Urzędnicy odpowiedzieli na wniosek mieszkanki. Pozwali ją na 3 miliony złotych
Iwona Owczarek, mieszkanka rubieży Łodzi, zwróciła się do urzędu miasta i za zniszczenie ogrodzenia zażądała zwrotu 34 tys. zł., które - jak twierdzi - wydała na renowację. Miasto prowadziło remont kanalizacji, przez co ucierpieć miała jej zabudowa.
Były kałuże, glina i samochody pryskały płot, dochodziło do uszkodzeń. Kamienie wypryskiwały spod kół. Za czyszczenie i renowację zapłaciłam 34 tysiące zł - mówi w programie “Interwencja” Polsat News.
Ekspert budowlany: chodzi o centrymetry. Miasto odpowiada
Zamiast zwrotu pieniędzy otrzymała pozew od Zarządu Dróg i Transportu Miasta Łodzi. Okazało się, że rzeczony płot stoi na terenie pasa drogowego, w związku z czym kobieta musi zapłacić karę w wysokości 3 mln 62 tys. zł. Kobieta podnosi, że płot stoi w tym miejscu od 70 lat i dotąd nikt nie zgłaszał roszczeń. Aż do jej apelacji o uregulowanie kosztów po remoncie kanalizacji.
Rafał Purtaka specjalisty prawa budowlanego skonfrontowany z sytuacją przez program “Interwencji” twierdzi, że taki ruch ze strony ZDiT jest kuriozalny.
Urząd kwestionuje zajęcie 35 metrów kwadratowych. Należy to podzielić na długość ogrodzenia i wtedy wyjdzie zajęta długość. To są centymetry.

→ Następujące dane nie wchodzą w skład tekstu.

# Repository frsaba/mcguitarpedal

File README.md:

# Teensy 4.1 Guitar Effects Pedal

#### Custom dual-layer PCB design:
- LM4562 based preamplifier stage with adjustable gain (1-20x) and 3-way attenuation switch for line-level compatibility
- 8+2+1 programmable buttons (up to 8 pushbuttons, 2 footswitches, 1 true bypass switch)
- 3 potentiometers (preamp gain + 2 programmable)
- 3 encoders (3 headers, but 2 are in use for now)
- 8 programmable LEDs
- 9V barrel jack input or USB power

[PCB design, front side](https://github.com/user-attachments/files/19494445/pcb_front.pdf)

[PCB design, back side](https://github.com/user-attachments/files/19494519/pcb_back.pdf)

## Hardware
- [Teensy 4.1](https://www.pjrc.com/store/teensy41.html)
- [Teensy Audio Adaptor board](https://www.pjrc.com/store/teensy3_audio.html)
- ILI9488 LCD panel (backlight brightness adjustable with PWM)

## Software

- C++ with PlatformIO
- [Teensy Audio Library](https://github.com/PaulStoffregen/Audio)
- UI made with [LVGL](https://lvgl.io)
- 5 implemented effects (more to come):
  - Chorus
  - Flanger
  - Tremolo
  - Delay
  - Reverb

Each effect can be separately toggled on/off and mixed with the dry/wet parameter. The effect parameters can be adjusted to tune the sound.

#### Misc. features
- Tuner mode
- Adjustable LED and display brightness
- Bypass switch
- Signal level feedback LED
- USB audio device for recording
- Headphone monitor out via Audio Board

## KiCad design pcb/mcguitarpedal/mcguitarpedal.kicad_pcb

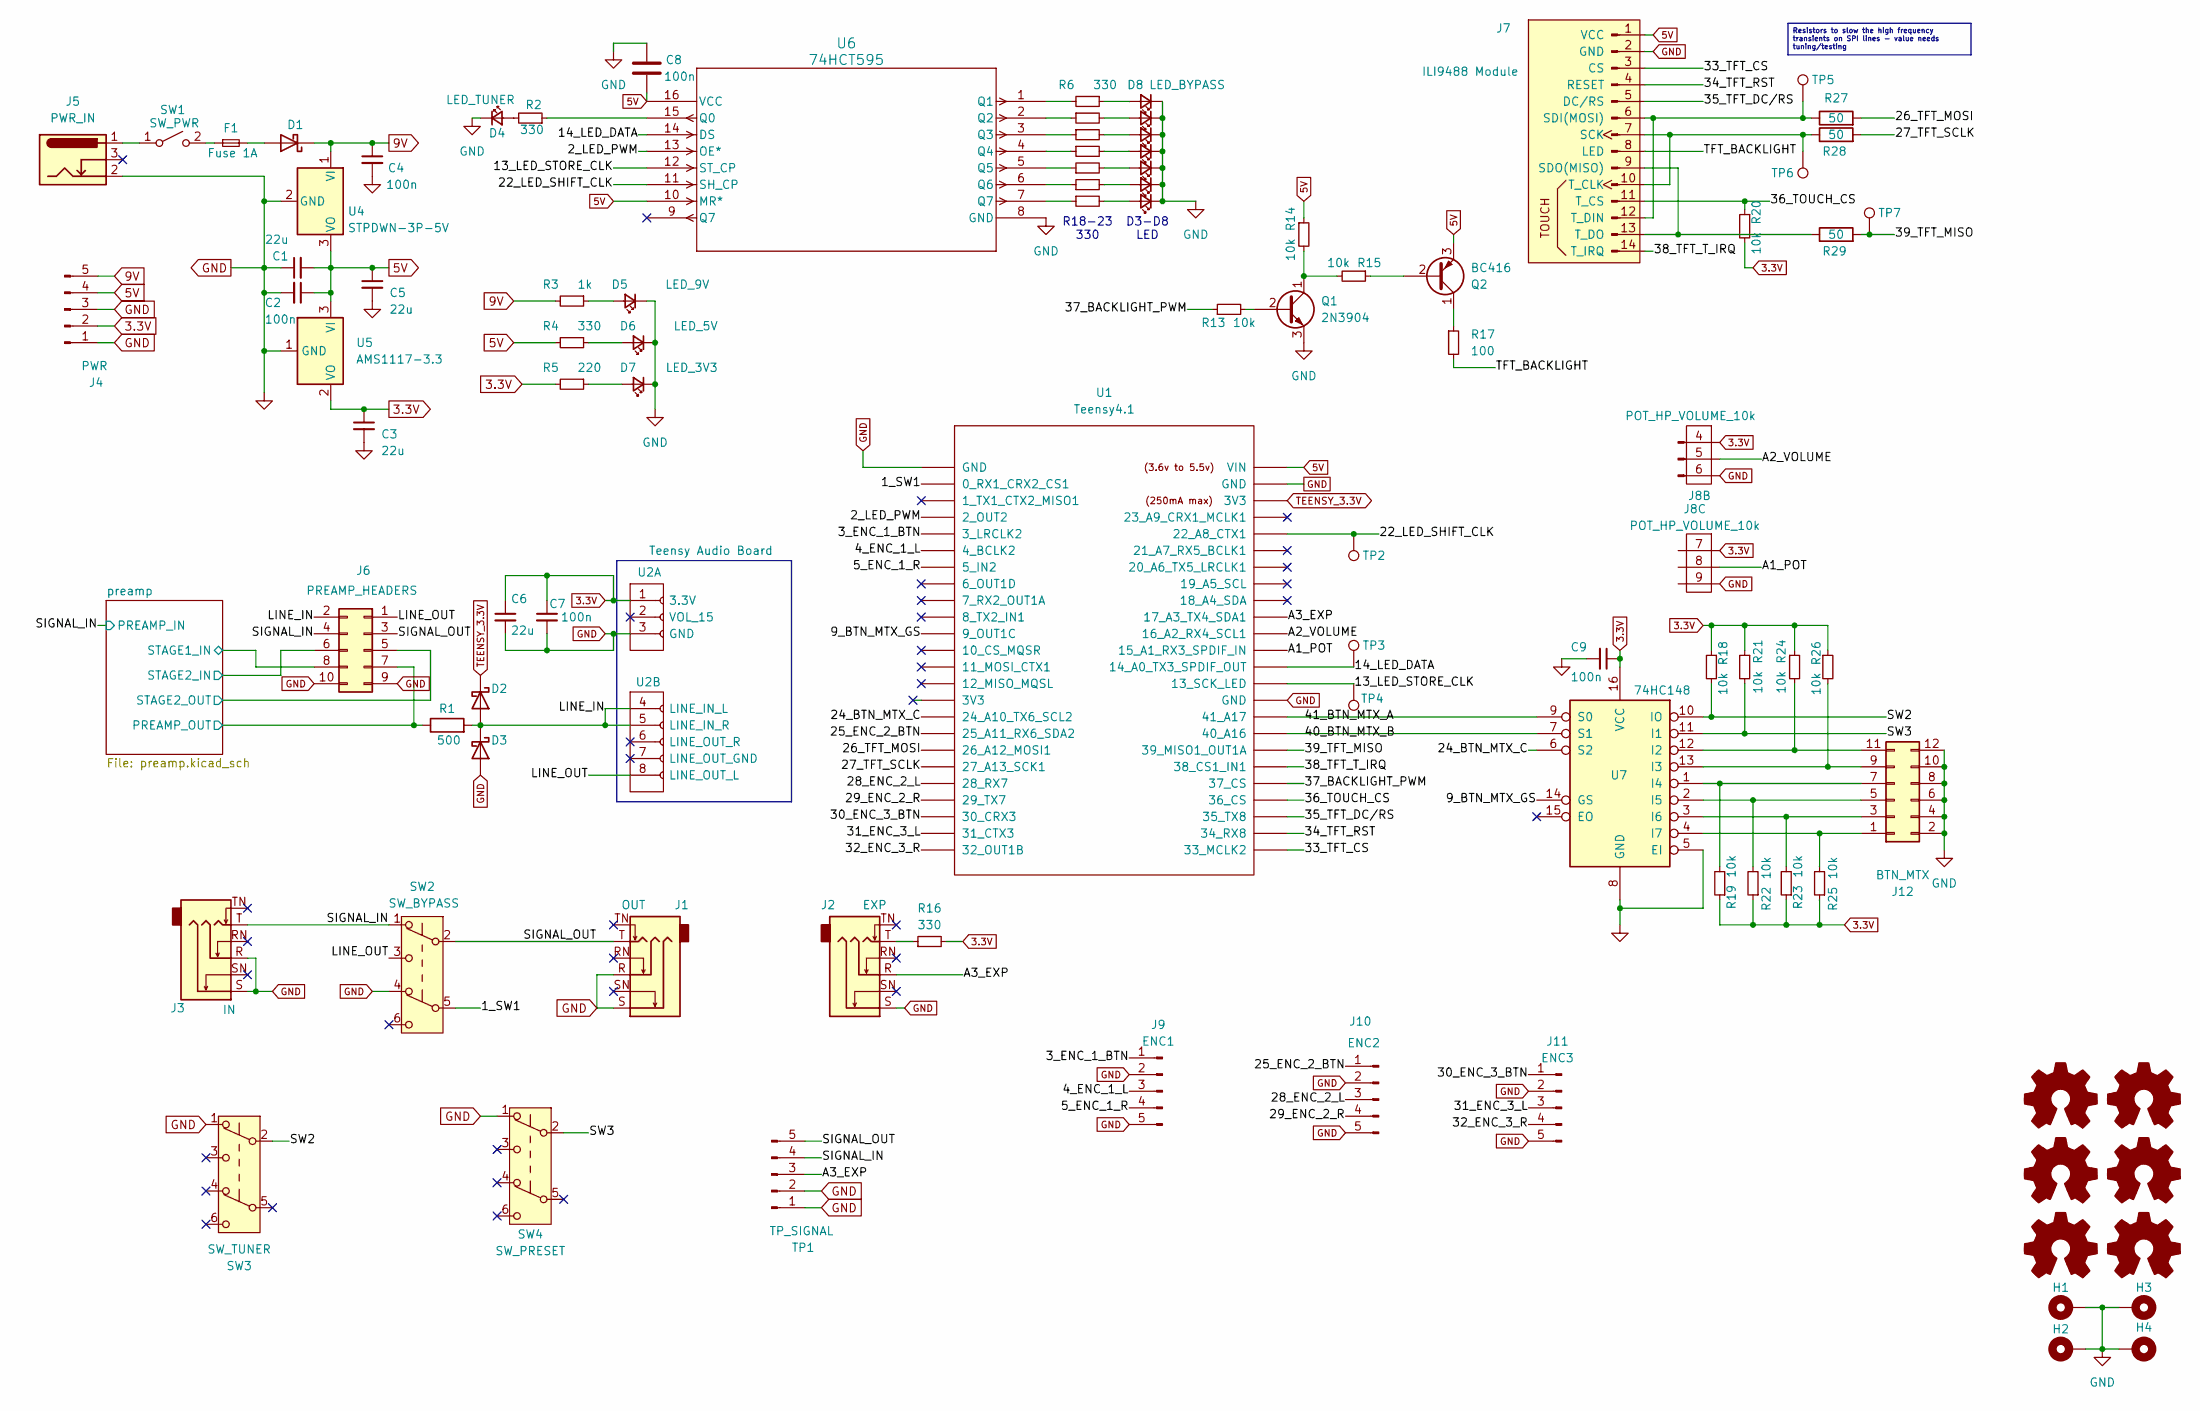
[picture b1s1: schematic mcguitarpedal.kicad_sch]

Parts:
C1, C3, C5, C6: 22u; CP_EIA-3216-18_Kemet-A_Pad1.58x1.35mm_HandSolder
C2, C4, C8, C9: 100n; C_1206_3216Metric_Pad1.33x1.80mm_HandSolder
C7: 100n; C_Rect_L7.2mm_W2.5mm_P5.00mm_FKS2_FKP2_MKS2_MKP2
D1, D2, D3: D_Schottky; D_DO-41_SOD81_P10.16mm_Horizontal
D4: LED_TUNER; LED_D5.0mm
D5: LED_9V; LED_D3.0mm
D6: LED_5V; LED_D3.0mm
D7: LED_3V3; LED_D3.0mm
D8: LED_BYPASS; LED_D5.0mm
D9: LED_STATUS; LED_D5.0mm
D10, D11, D12, D13, D14: LED; LED_D3.0mm
ENC1, ENC2, ENC3: Logo_Open_Hardware_Small; Floating Encoder
F1: Fuse 1A; Fuse_Littelfuse_395Series
H1, H2, H3, H4: MountingHole_Pad; MountingHole_2.2mm_M2_Pad
J1: OUT; Jack_6.35mm_Neutrik_NMJ6HCD2_Horizontal_3D_MODEL
J2: EXP; Jack_6.35mm_Neutrik_NMJ6HCD2_Horizontal_3D_MODEL
J3: IN; Jack_6.35mm_Neutrik_NMJ6HCD2_Horizontal_3D_MODEL
J4: PWR; PinHeader_1x05_P2.54mm_Vertical
J5: PWR_IN; BarrelJack_Kycon_KLDX-0202-xC_Horizontal
J6: PREAMP_HEADERS
J7: ILI9488 Module; ILI9488
J8: POT_HP_VOLUME_10k; POTS_HEADER
J9: ENC1; Encoder_headers
J10: ENC2; Encoder_headers
J11: ENC3; Encoder_headers
J12: BTN_MTX; PinHeader_2x06_P2.54mm_Vertical
POT1, POT2, POT3: Logo_Open_Hardware_Small; Floating Potentiometer
Q1: 2N3904; TO-92_Inline
Q2: BC416; TO-92_Inline
R1: 500; R_Axial_DIN0207_L6.3mm_D2.5mm_P7.62mm_Horizontal
R2, R4, R6, R7, R8, R9, R10, R11, R12, R16: 330; R_1206_3216Metric_Pad1.30x1.75mm_HandSolder
R3: 1k; R_Axial_DIN0207_L6.3mm_D2.5mm_P7.62mm_Horizontal
R5: 220; R_Axial_DIN0207_L6.3mm_D2.5mm_P7.62mm_Horizontal
R13, R14, R15, R18, R19, R20, R21, R22, R23, R24, R25, R26: 10k; R_1206_3216Metric_Pad1.30x1.75mm_HandSolder
R17: 100; R_Axial_DIN0207_L6.3mm_D2.5mm_P7.62mm_Horizontal
R27, R28, R29: 50; R_1206_3216Metric_Pad1.30x1.75mm_HandSolder
SW1: SW_PWR; PinHeader_1x02_P2.54mm_Vertical
SW2: SW_BYPASS; SW_PUSH_DPDT
SW3: SW_TUNER; SW_PUSH_DPDT
SW4: SW_PRESET; SW_PUSH_DPDT
TP1: TP_SIGNAL; PinHeader_1x05_P2.54mm_Vertical
TP2: SHIFT_CLK; TestPoint_Loop_D1.80mm_Drill1.0mm_Beaded
TP3: TP_LED_DATA; TestPoint_Loop_D1.80mm_Drill1.0mm_Beaded
TP4: TP_STORE_CLK; TestPoint_Loop_D1.80mm_Drill1.0mm_Beaded
TP5: TP_MOSI; TestPoint_Loop_D1.80mm_Drill1.0mm_Beaded
TP6: TP_SCLK; TestPoint_Loop_D1.80mm_Drill1.0mm_Beaded
TP7: TP_MISO; TestPoint_Loop_D1.80mm_Drill1.0mm_Beaded
U1: Teensy4.1; Teensy 4.1 with audio board
U2: Teensy Audio Board; 4.0audioshield
U4: STPDWN-3P-5V
U5: AMS1117-3.3; SOT-223-3_TabPin2
U6: 74HCT595; SOT109-1_NEX
U7: 74HC148; DIP16_300_TEX

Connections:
3.3V: C3.1, C6.1, C7.1, C9.1, J4.2, J8.4, J8.7, R5.2, R16.2, R18.1, R19.1, R20.2, R21.1, R22.1, R23.1, R24.1, R25.1, R26.1, U2.1 (3.3V), U5.2 (VO), U7.16 (VCC)
5V: C1.2, C2.1, C5.1, C8.2, J4.4, J7.1 (VCC), Q2.3 (E), R4.2, R14.1, U1.48 (VIN), U4.3 (VO), U5.3 (VI), U6.10 (MR*), U6.16 (VCC)
9V: C4.1, D1.1 (K), J4.5, R3.2, U4.1 (VI); also elsewhere on the board
/1_SW1: SW2.5 (B), U1.2 (0_RX1_CRX2_CS1)
/2_LED_PWM: U1.4 (2_OUT2), U6.13 (OE*)
/3_ENC_1_BTN: J9.1, U1.5 (3_LRCLK2)
/4_ENC_1_L: J9.3, U1.6 (4_BCLK2)
/5_ENC_1_R: J9.4, U1.7 (5_IN2)
/9_BTN_MTX_GS: U1.11 (9_OUT1C), U7.14 (GS)
/13_LED_STORE_CLK: TP4.1, U1.35 (13_SCK_LED), U6.12 (ST_CP)
/14_LED_DATA: TP3.1, U1.36 (14_A0_TX3_SPDIF_OUT), U6.14 (DS)
/22_LED_SHIFT_CLK: TP2.1, U1.44 (22_A8_CTX1), U6.11 (SH_CP)
/24_BTN_MTX_C: U1.16 (24_A10_TX6_SCL2), U7.6 (S2)
/25_ENC_2_BTN: J10.1, U1.17 (25_A11_RX6_SDA2)
/26_TFT_MOSI: R27.2, U1.18 (26_A12_MOSI1)
/27_TFT_SCLK: R28.2, U1.19 (27_A13_SCK1)
/28_ENC_2_L: J10.3, U1.20 (28_RX7)
/29_ENC_2_R: J10.4, U1.21 (29_TX7)
/30_ENC_3_BTN: J11.1, U1.22 (30_CRX3)
/31_ENC_3_L: J11.3, U1.23 (31_CTX3)
/32_ENC_3_R: J11.4, U1.24 (32_OUT1B)
/33_TFT_CS: J7.3 (CS), U1.25 (33_MCLK2)
/34_TFT_RST: J7.4 (RESET), U1.26 (34_RX8)
/35_TFT_DC/RS: J7.5 (DC/RS), U1.27 (35_TX8)
/36_TOUCH_CS: J7.11 (T_CS), R20.1, U1.28 (36_CS)
/37_BACKLIGHT_PWM: R13.1, U1.29 (37_CS)
/38_TFT_T_IRQ: J7.14 (T_IRQ), U1.30 (38_CS1_IN1)
/39_TFT_MISO: R29.2, TP7.1, U1.31 (39_MISO1_OUT1A)
/40_BTN_MTX_B: U1.32 (40_A16), U7.7 (S1)
/41_BTN_MTX_A: U1.33 (41_A17), U7.9 (S0)
/A1_POT: J8.8, U1.37 (15_A1_RX3_SPDIF_IN)
/A2_VOLUME: J8.5, U1.38 (16_A2_RX4_SCL1)
/A3_EXP: J2.R, TP1.3, U1.39 (17_A3_TX4_SDA1)
/LINE_IN: D2.2 (A), D3.1 (K), J6.2, R1.2, U2.4 (LINE_IN_L), U2.5 (LINE_IN_R)
/LINE_OUT: J6.1, SW2.3 (C), U2.8 (LINE_OUT_L)
/SIGNAL_IN: J3.T, J6.4, SW2.1 (A), TP1.4; also elsewhere on the board
/SIGNAL_OUT: J1.T, J6.3, SW2.2 (B), TP1.5
/SW2: R18.2, SW3.2 (B), U7.10 (IO)
/SW3: R21.2, SW4.2 (B), U7.11 (I1)
/TFT_BACKLIGHT: J7.8 (LED), R17.2
/preamp/PREAMP_OUT: J6.7, R1.1; also elsewhere on the board
/preamp/STAGE1_IN: J6.8; also elsewhere on the board
/preamp/STAGE2_IN: J6.6; also elsewhere on the board
/preamp/STAGE2_OUT: J6.5; also elsewhere on the board
GND: C1.1, C2.2, C3.2, C4.2, C5.2, C6.2, C7.2, C8.1, C9.2, D3.2 (A), D4.1 (K), D5.1 (K), D6.1 (K), D7.1 (K), D8.1 (K), D9.1 (K), D10.1 (K), D11.1 (K), D12.1 (K), D13.1 (K), D14.1 (K), H1.1, H2.1, H3.1, H4.1, J1.R, J1.S, J2.S, J3.R, J3.S, J4.1, J4.3, J5.2, J6.9, J6.10, J7.2 (GND), J8.6, J8.9, J9.2, J9.5, J10.2, J10.5, J11.2, J11.5, J12.2, J12.4, J12.6, J12.8, J12.10, J12.12, Q1.3 (E), SW2.4 (A), SW3.1 (A), SW4.1 (A), TP1.1, TP1.2, U1.1 (GND), U1.34 (GND), U1.47 (GND), U2.3 (GND), U4.2 (GND), U5.1 (GND), U6.8 (GND), U7.5 (EI), U7.8 (GND); also elsewhere on the board
unnamed: D1.2 (A), F1.2
unnamed: D4.2 (A), R2.2
unnamed: D5.2 (A), R3.1
unnamed: D6.2 (A), R4.1
unnamed: D7.2 (A), R5.1
unnamed: D8.2 (A), R6.1
unnamed: D9.2 (A), R7.2
unnamed: D10.2 (A), R8.2
unnamed: D11.2 (A), R9.2
unnamed: D12.2 (A), R10.2
unnamed: D13.2 (A), R11.2
unnamed: D14.2 (A), R12.2
unnamed: J2.T, R16.1
unnamed: J7.7 (SCK), J7.10 (T_CLK), R28.1, TP6.1
unnamed: J7.6 (SDI(MOSI)), J7.12 (T_DIN), R27.1, TP5.1
unnamed: J7.9 (SDO(MISO)), J7.13 (T_DO), R29.1
unnamed: J12.1, R25.2, U7.4 (I7)
unnamed: J12.3, R23.2, U7.3 (I6)
unnamed: J12.5, R22.2, U7.2 (I5)
unnamed: J12.7, R19.2, U7.1 (I4)
unnamed: J12.9, R26.2, U7.13 (I3)
unnamed: J12.11, R24.2, U7.12 (I2)
unnamed: Q1.2 (B), R13.2
unnamed: Q1.1 (C), R14.2, R15.2
unnamed: Q2.2 (B), R15.1
unnamed: Q2.1 (C), R17.1
unnamed: R12.1, U6.7 (Q7)
unnamed: J5.1, SW1.1 (A)
unnamed: F1.1, SW1.2 (B)
unnamed: R2.1, U6.15 (Q0)
unnamed: R6.2, U6.1 (Q1)
unnamed: R7.1, U6.2 (Q2)
unnamed: R8.1, U6.3 (Q3)
unnamed: R9.1, U6.4 (Q4)
unnamed: R10.1, U6.5 (Q5)
unnamed: R11.1, U6.6 (Q6)
TEENSY_3.3V: D2.1 (K), U1.46 (3V3); also elsewhere on the board

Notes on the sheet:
Resistors to slow the high frequency transients on SPI lines - value needs tuning/testing
D3-D8 LED
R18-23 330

Miasto w odpowiedzi deklaruje, że wcześniej nie było potrzeby weryfikowania, czy płot zajmuje nielegalny teren , stąd też wysokość kary, jak tłumaczy Tomasz Andrzejewski - rzecznik ZDiT - obejmuje bowiem wstecz 5 lat rzekomego nadużycia.
Sprawa trafiła do sądu
Mieszkanka Łodzi konfrontuje się z urzędnikami w łódzkim sądzie, p. Iwona zaskarżyła decyzję o nałożonej na niej karze do Samorządowego Kolegium Odwoławczego. Skład orzekł o przekazaniu sprawy do ponownego rozpatrzenia i uchylił decyzję z pierwszej instancji. Marek Woźniak, prezes SKO w Łodzi twierdzi, że nie było pewności, że płot zajmuje teren pasa drogowego. Sprawa najpewniej znajdzie rozwiązanie w ramach ponownego rozpatrzenia.